# Solve the following system of equations:$|x|+|y|=2$ and $y=x+1$.

Solve the following system of equations:

$$|x|+|y|=2$$ and $$y=x+1$$, where $$x$$ is a real number.

Approach:

I substituted $$y$$ in equation $$1$$, so:

$$\ \ \ \ \ \ \ \ \ \ |x|+|x+1|=2$$

$$1 \ \ \ \ \ \ \ \ \ \ 1$$

$$2 \ \ \ \ \ \ \ \ \ \ 0$$

$$0 \ \ \ \ \ \ \ \ \ \ 2$$

These are the total possibilities I think, because $$|x|, |x+1| \ge 0$$.

Case $$1$$: $$|x|=1$$, so, $$x = \pm 1$$

and $$|x+1| = 1$$, so $$x+1=\pm 1$$ so, $$x = 0,-2$$.

But no value of $$x$$ is matching, so this case gets rejected.

Case $$2$$: $$|x|=2$$, so, $$x = \pm 2$$

and $$|x+1| = 0$$, so $$x=-1$$.

But no value of $$x$$ is matching, so this case also gets rejected.

Case $$3$$: $$|x|=0$$, so, $$x = 0$$

and $$|x+1| = 2$$, so $$x+1 = \pm 2$$ and so, $$x=1,-3$$.

Here also, no value of $$x$$ is matching. So no solution exists.

Is this solution correct? Please confirm. If there is a shorter method to approach the question, please share it.

• Is $x\in\Bbb R$? In that case $x=\frac{1}{2}$ would also work May 2 at 8:12
• It is a lot easier to find the solutions graphically. Are you allowed to do that? May 2 at 8:13
• @DatBoi, yes graphical soln is allowed.
– user907745
May 2 at 8:14
• @DatBoi Yes, as intersections of a square (first equation) and a straight line (second equation). May 2 at 8:14
• @lonestudent I did, thanks.
– user907745
May 2 at 9:13

Image courtesy $$-$$ Martund.

$$|x|+|y|=2$$ is square on graph paper (you will get it by making cases).

and $$y=x+1$$ is line.

This is the shortest (not only) method I know.

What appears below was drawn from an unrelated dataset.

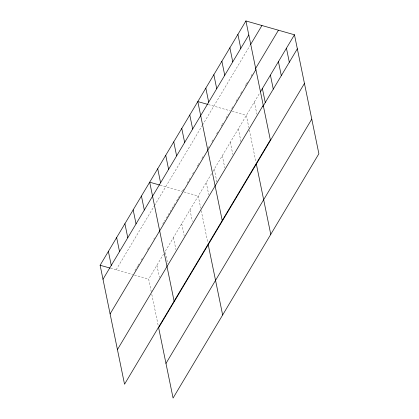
<?xml version="1.0" encoding="UTF-8"?>
<svg xmlns="http://www.w3.org/2000/svg" width="419" height="419" viewBox="0 0 419 419"><rect width="100%" height="100%" fill="white"/><g stroke="black" fill="none" stroke-linecap="round" stroke-linejoin="round"><path stroke-width="0.31" stroke-dasharray="2.1 1.57" d="M116.136 269.815L154.145 206.138M154.475 205.582L202.131 125.731M202.466 125.171L249.913 45.671M134.955 270.643L137.6 266.212M137.93 265.662L138.919 263.996M141.234 260.12L142.884 257.355M147.514 249.598L148.834 247.383M153.789 239.081L154.454 237.971M162.713 224.128L165.028 220.253M166.348 218.037L174.943 203.639M176.593 200.869L179.568 195.888M182.548 190.896L184.219 188.1M187.225 183.056L190.231 178.017M192.572 174.1L194.243 171.303M197.249 166.264L197.92 165.144M198.25 164.583L198.92 163.462M201.927 158.424L203.597 155.627M208.274 147.787L208.945 146.666M211.951 141.627L213.622 138.83M216.628 133.792L218.299 130.99M221.305 125.951L221.976 124.831M222.311 124.27L222.976 123.155M225.982 118.116L228.324 114.193M231.665 108.594L233.001 106.358M236.007 101.319L238.348 97.402M240.684 93.479L242.355 90.682M245.366 85.644L246.032 84.523M246.367 83.962L247.702 81.721M251.044 76.127L252.379 73.885M151.275 291.828L148.656 279.085L163.53 254.165M211.595 173.623L165.18 251.395L167.668 263.504M212.931 171.387L259.712 93.008M208.28 104.556L230.33 110.836M232.178 111.365L246.346 115.398L248.834 127.512M160.163 185.172L182.213 191.457M184.061 191.981L198.229 196.019L200.717 208.128M110.59 268.239L132.64 274.518M134.489 275.047L148.656 279.085M254.364 101.964L256.852 114.073M249.347 130.031L255.962 162.232M238.327 128.837L240.946 141.585M230.309 142.271L232.796 154.386M222.29 155.711L224.773 167.82M214.271 169.145L216.885 181.893M206.253 182.584L208.735 194.694M201.235 210.652L207.845 242.852M189.969 209.861L192.326 221.337M181.705 223.709L184.192 235.818M173.445 237.552L175.933 249.661M156.921 265.237L159.409 277.347M151.788 294.321L158.272 325.914"/><path stroke-width="0.63" d="M245.922 20.95L270.344 139.915L124.537 384.218L100.12 265.253L245.922 20.95L294.463 34.782L318.88 153.747L173.078 398.05L158.644 327.737L304.451 83.433M102.995 279.274L248.802 34.971M250.578 44.55L261.938 25.512M255.386 68.847L278.441 30.215M110.103 313.91L255.909 69.606M260.382 91.887L294.463 34.782M117.43 349.587L263.232 105.284M262.923 106.468L297.338 48.803M165.971 363.42L311.773 119.116M207.662 104.378L197.805 101.571L222.227 220.535M159.55 184.999L149.693 182.192L174.11 301.156M100.12 265.253L109.977 268.06M286.444 48.216L289.32 62.237M278.426 61.656L281.301 75.677M270.402 75.09L273.282 89.111M262.383 88.524L265.264 102.55M237.903 34.384L240.778 48.41M256.334 164.054L270.768 234.368M229.884 47.824L232.76 61.844M221.866 61.258L224.741 75.284M213.847 74.697L216.723 88.718M205.823 88.131L208.704 102.157M189.786 115.005L192.667 129.031M208.217 244.675L222.651 314.988M181.767 128.444L184.648 142.465M173.749 141.879L176.629 155.905M165.73 155.318L168.606 169.339M157.712 168.752L160.587 182.773M141.428 196.034L144.309 210.055M133.169 209.877L136.044 223.898M124.904 223.72L127.785 237.746M116.644 237.568L119.52 251.589M108.38 251.41L111.26 265.431"/></g></svg>

• I suggest you to add this picture in your answer (as a smoother version of yours). I've made it using Microsoft Paint. May 3 at 8:11
• @Martund always feel free to edit my answers and questions and thanks for help.
– Jay
May 3 at 8:49

We know that $$|x-y|\le|x|+|y|$$ where equality holds iff $$x$$ and $$y$$ are of opposite sign. In this case we know that equality doesn't hold, so $$x$$ and $$y$$ are of same sign, so the first equation becomes $$|x+y|=2$$ and second is $$y-x=1$$. Making cases for positive and negative sign in first equation, we get the required solutions: $$\left(\frac12,\frac32\right)\quad\text{and}\quad\left(-\frac32,-\frac12\right)$$

• thanks for your answer (I ran out of upvotes I'm sorry about that). Could you explain how we know $x$ and $y$ are of same sign...
– user907745
May 2 at 9:13
• @Crease, if they were of opposite sign equality would have held in the first equation. But we know that the LHS is $1$ and RHS is $2$ for that equation, so $x$ and $y$ are of the same sign. May 2 at 9:16
• Oh yes, thanks :)
– user907745
May 2 at 9:20

### HINT

• If $$x≥0$$, then $$y=x+1>0$$

$$\begin{cases} x+y=2 \\ y=x+1 \end{cases}$$

Then, we need

• If $$-1≤x<0, ~y≥0$$

$$\begin{cases} y-x=2 \\ y=x+1 \end{cases}$$

• If $$x<-1, ~y<0$$

$$\begin{cases} -x-y=2 \\ y=x+1 \end{cases}$$

• Of course, for the second case, the solution doesn't exist. May 2 at 11:35

One nice way to think about it is to see |x-a| as the distance between x and a. Visually, it's pretty clear only x=-1.5 and x=0.5 are solutions.

You only consider integers, hence you might left out non-integer solutions.

We have $$|x|+|x+1|=2$$

$$|x-0|+|x-(-1)|=2$$

So the solution for $$x$$ is when the sum of distance from $$0$$ and the distance from $$-1$$ is exactly $$2$$.

Clearly, the point can't be inside $$[-1, 0]$$.

If $$x$$ is positive, then we have $$2x+1=2$$, hence $$x=\frac12$$.

Similarly, if $$x<-1$$, by symmetry, $$x=-1-\frac12=-\frac32$$.